About the GENASIS Trial GENASIS is a randomized, double-blind,
dose-ranging and placebo controlled Phase IIb clinical trial, which
will enroll 404 patients with Class III or IV angina that are not
suitable candidates for traditional revascularization procedures.
The GENASIS trial is being conducted in approximately 30 leading
cardiac medical centers throughout the United States. In the
GENASIS trial, defined doses of VEGF-2 in the form of "naked"
plasmid DNA, a non-viral delivery vector, are delivered to diseased
heart muscle tissue via the Boston Scientific Corporation
(NYSE:BSX) Stiletto(TM) endocardial direct injection catheter
system. The injection procedure is performed by a cardiologist in a
standard cardiac catheterization laboratory. VEGF-2 is a naturally
occurring growth factor that is believed to promote the development
of supplemental collateral blood vessels, a process known as
therapeutic angiogenesis. Once administered, the DNA plasmid
appears to be taken up and expressed by myocardium near the
injection site. Inside the cell, the DNA plasmid then enters the
nucleus of the cell without a requirement of incorporation into the
genomic DNA. The Phase IIb clinical trial expects to see the effect
of the expression of DNA-encoded VEGF-2, which in turn is believed
to stimulate the growth of new blood vessels by promoting the
migration and proliferation of endothelial cells in the heart.

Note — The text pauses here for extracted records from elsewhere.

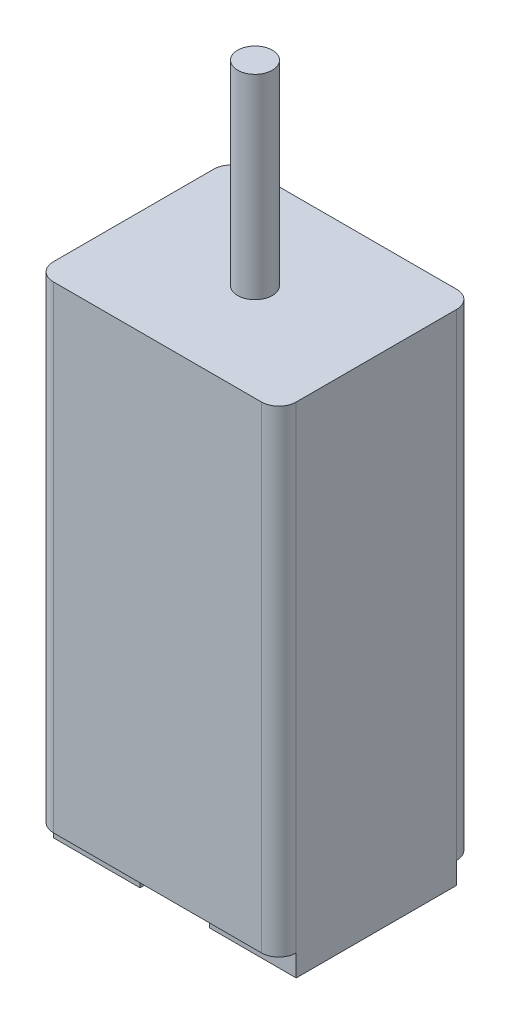
ISO-10303-21;
HEADER;
FILE_DESCRIPTION(('STEP AP214'),'2;1');
FILE_NAME('part.step','',(''),(''),'','','');
FILE_SCHEMA(('AUTOMOTIVE_DESIGN { 1 0 10303 214 1 1 1 1 }'));
ENDSEC;
DATA;
#1=APPLICATION_CONTEXT('core data for automotive mechanical design processes');
#2=APPLICATION_PROTOCOL_DEFINITION('international standard','automotive_design',2000,#1);
#3=PRODUCT_CONTEXT('',#1,'mechanical');
#4=PRODUCT('Part','Part','',(#3));
#5=PRODUCT_RELATED_PRODUCT_CATEGORY('part','',(#4));
#6=PRODUCT_DEFINITION_FORMATION('','',#4);
#7=PRODUCT_DEFINITION_CONTEXT('part definition',#1,'design');
#8=PRODUCT_DEFINITION('design','',#6,#7);
#9=PRODUCT_DEFINITION_SHAPE('','',#8);
#10=(LENGTH_UNIT() NAMED_UNIT(*) SI_UNIT(.MILLI.,.METRE.));
#11=(NAMED_UNIT(*) PLANE_ANGLE_UNIT() SI_UNIT($,.RADIAN.));
#12=(NAMED_UNIT(*) SI_UNIT($,.STERADIAN.) SOLID_ANGLE_UNIT());
#13=UNCERTAINTY_MEASURE_WITH_UNIT(LENGTH_MEASURE(1.E-05),#10,'distance_accuracy_value','');
#14=(GEOMETRIC_REPRESENTATION_CONTEXT(3) GLOBAL_UNCERTAINTY_ASSIGNED_CONTEXT((#13)) GLOBAL_UNIT_ASSIGNED_CONTEXT((#10,
#11,#12)) REPRESENTATION_CONTEXT('',''));
#15=CARTESIAN_POINT('',(0.,0.,0.));
#16=DIRECTION('',(0.,0.,1.));
#17=DIRECTION('',(1.,0.,0.));
#18=AXIS2_PLACEMENT_3D('',#15,#16,#17);
#19=CARTESIAN_POINT('',(0.,0.,0.));
#20=DIRECTION('',(0.,1.,0.));
#21=DIRECTION('',(0.,0.,1.));
#22=AXIS2_PLACEMENT_3D('',#19,#20,#21);
#23=PLANE('',#22);
#24=DIRECTION('',(-1.,0.,0.));
#25=VECTOR('',#24,1.);
#26=CARTESIAN_POINT('',(2.8,0.,1.85));
#27=LINE('',#26,#25);
#28=CARTESIAN_POINT('',(2.8,0.,1.85));
#29=VERTEX_POINT('',#28);
#30=CARTESIAN_POINT('',(0.8,0.,1.85));
#31=VERTEX_POINT('',#30);
#32=EDGE_CURVE('E321',#29,#31,#27,.T.);
#33=ORIENTED_EDGE('',*,*,#32,.F.);
#34=CARTESIAN_POINT('',(2.4,0.,1.85));
#35=DIRECTION('',(0.,1.,0.));
#36=DIRECTION('',(0.,0.,1.));
#37=AXIS2_PLACEMENT_3D('',#34,#35,#36);
#38=CIRCLE('',#37,0.4);
#39=CARTESIAN_POINT('',(2.4,0.,2.25));
#40=VERTEX_POINT('',#39);
#41=EDGE_CURVE('E271',#29,#40,#38,.F.);
#42=ORIENTED_EDGE('',*,*,#41,.T.);
#43=DIRECTION('',(1.,0.,0.));
#44=VECTOR('',#43,1.);
#45=CARTESIAN_POINT('',(-2.8,0.,2.25));
#46=LINE('',#45,#44);
#47=CARTESIAN_POINT('',(-2.4,0.,2.25));
#48=VERTEX_POINT('',#47);
#49=EDGE_CURVE('E246',#48,#40,#46,.T.);
#50=ORIENTED_EDGE('',*,*,#49,.F.);
#51=CARTESIAN_POINT('',(-2.4,0.,1.85));
#52=DIRECTION('',(0.,1.,0.));
#53=DIRECTION('',(0.,0.,1.));
#54=AXIS2_PLACEMENT_3D('',#51,#52,#53);
#55=CIRCLE('',#54,0.4);
#56=CARTESIAN_POINT('',(-2.8,0.,1.85));
#57=VERTEX_POINT('',#56);
#58=EDGE_CURVE('E274',#48,#57,#55,.F.);
#59=ORIENTED_EDGE('',*,*,#58,.T.);
#60=DIRECTION('',(-1.,0.,0.));
#61=VECTOR('',#60,1.);
#62=CARTESIAN_POINT('',(-2.8,0.,1.85));
#63=LINE('',#62,#61);
#64=CARTESIAN_POINT('',(-0.8,0.,1.85));
#65=VERTEX_POINT('',#64);
#66=EDGE_CURVE('E55',#65,#57,#63,.T.);
#67=ORIENTED_EDGE('',*,*,#66,.F.);
#68=DIRECTION('',(0.,0.,1.));
#69=VECTOR('',#68,1.);
#70=CARTESIAN_POINT('',(-0.8,0.,1.85));
#71=LINE('',#70,#69);
#72=CARTESIAN_POINT('',(-0.8,0.,-0.691387744426284));
#73=VERTEX_POINT('',#72);
#74=EDGE_CURVE('E59',#73,#65,#71,.T.);
#75=ORIENTED_EDGE('',*,*,#74,.F.);
#76=CARTESIAN_POINT('',(-0.93929380291808,0.,-1.27069387221314));
#77=DIRECTION('',(0.,-1.,0.));
#78=DIRECTION('',(0.,0.,-1.));
#79=AXIS2_PLACEMENT_3D('',#76,#77,#78);
#80=CIRCLE('',#79,0.595817382444306);
#81=CARTESIAN_POINT('',(-0.799999999999999,0.,-1.85));
#82=VERTEX_POINT('',#81);
#83=EDGE_CURVE('E184',#82,#73,#80,.T.);
#84=ORIENTED_EDGE('',*,*,#83,.F.);
#85=DIRECTION('',(1.,0.,0.));
#86=VECTOR('',#85,1.);
#87=CARTESIAN_POINT('',(-2.8,0.,-1.85));
#88=LINE('',#87,#86);
#89=CARTESIAN_POINT('',(-2.8,0.,-1.85));
#90=VERTEX_POINT('',#89);
#91=EDGE_CURVE('E179',#90,#82,#88,.T.);
#92=ORIENTED_EDGE('',*,*,#91,.F.);
#93=CARTESIAN_POINT('',(-2.4,0.,-1.85));
#94=DIRECTION('',(0.,1.,0.));
#95=DIRECTION('',(0.,0.,1.));
#96=AXIS2_PLACEMENT_3D('',#93,#94,#95);
#97=CIRCLE('',#96,0.4);
#98=CARTESIAN_POINT('',(-2.4,0.,-2.25));
#99=VERTEX_POINT('',#98);
#100=EDGE_CURVE('E277',#90,#99,#97,.F.);
#101=ORIENTED_EDGE('',*,*,#100,.T.);
#102=DIRECTION('',(-1.,0.,0.));
#103=VECTOR('',#102,1.);
#104=CARTESIAN_POINT('',(-2.8,0.,-2.25));
#105=LINE('',#104,#103);
#106=CARTESIAN_POINT('',(2.4,0.,-2.25));
#107=VERTEX_POINT('',#106);
#108=EDGE_CURVE('E237',#107,#99,#105,.T.);
#109=ORIENTED_EDGE('',*,*,#108,.F.);
#110=CARTESIAN_POINT('',(2.4,0.,-1.85));
#111=DIRECTION('',(0.,1.,0.));
#112=DIRECTION('',(0.,0.,1.));
#113=AXIS2_PLACEMENT_3D('',#110,#111,#112);
#114=CIRCLE('',#113,0.4);
#115=CARTESIAN_POINT('',(2.8,0.,-1.85));
#116=VERTEX_POINT('',#115);
#117=EDGE_CURVE('E280',#107,#116,#114,.F.);
#118=ORIENTED_EDGE('',*,*,#117,.T.);
#119=DIRECTION('',(1.,0.,0.));
#120=VECTOR('',#119,1.);
#121=CARTESIAN_POINT('',(2.8,0.,-1.85));
#122=LINE('',#121,#120);
#123=CARTESIAN_POINT('',(0.799999999999999,0.,-1.85));
#124=VERTEX_POINT('',#123);
#125=EDGE_CURVE('E171',#124,#116,#122,.T.);
#126=ORIENTED_EDGE('',*,*,#125,.F.);
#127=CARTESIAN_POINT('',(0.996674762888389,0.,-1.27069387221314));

About Corautus Genetics Inc. Corautus Genetics Inc. is a
clinical-stage biopharmaceutical company dedicated to the
development of gene transfer therapy products for the treatment of
cardiovascular (severe angina) and peripheral vascular disease.
Corautus is currently developing and testing a gene transfer
product using the Vascular Endothelial Growth Factor-2 (VEGF-2)
gene to promote therapeutic angiogenesis in ischemic muscle. For
more information, please visit http://www.corautus.com/.
Forward-Looking Statements This press release may contain
forward-looking statements made pursuant to the safe harbor
provisions of the Private Securities Litigation Reform Act of 1995.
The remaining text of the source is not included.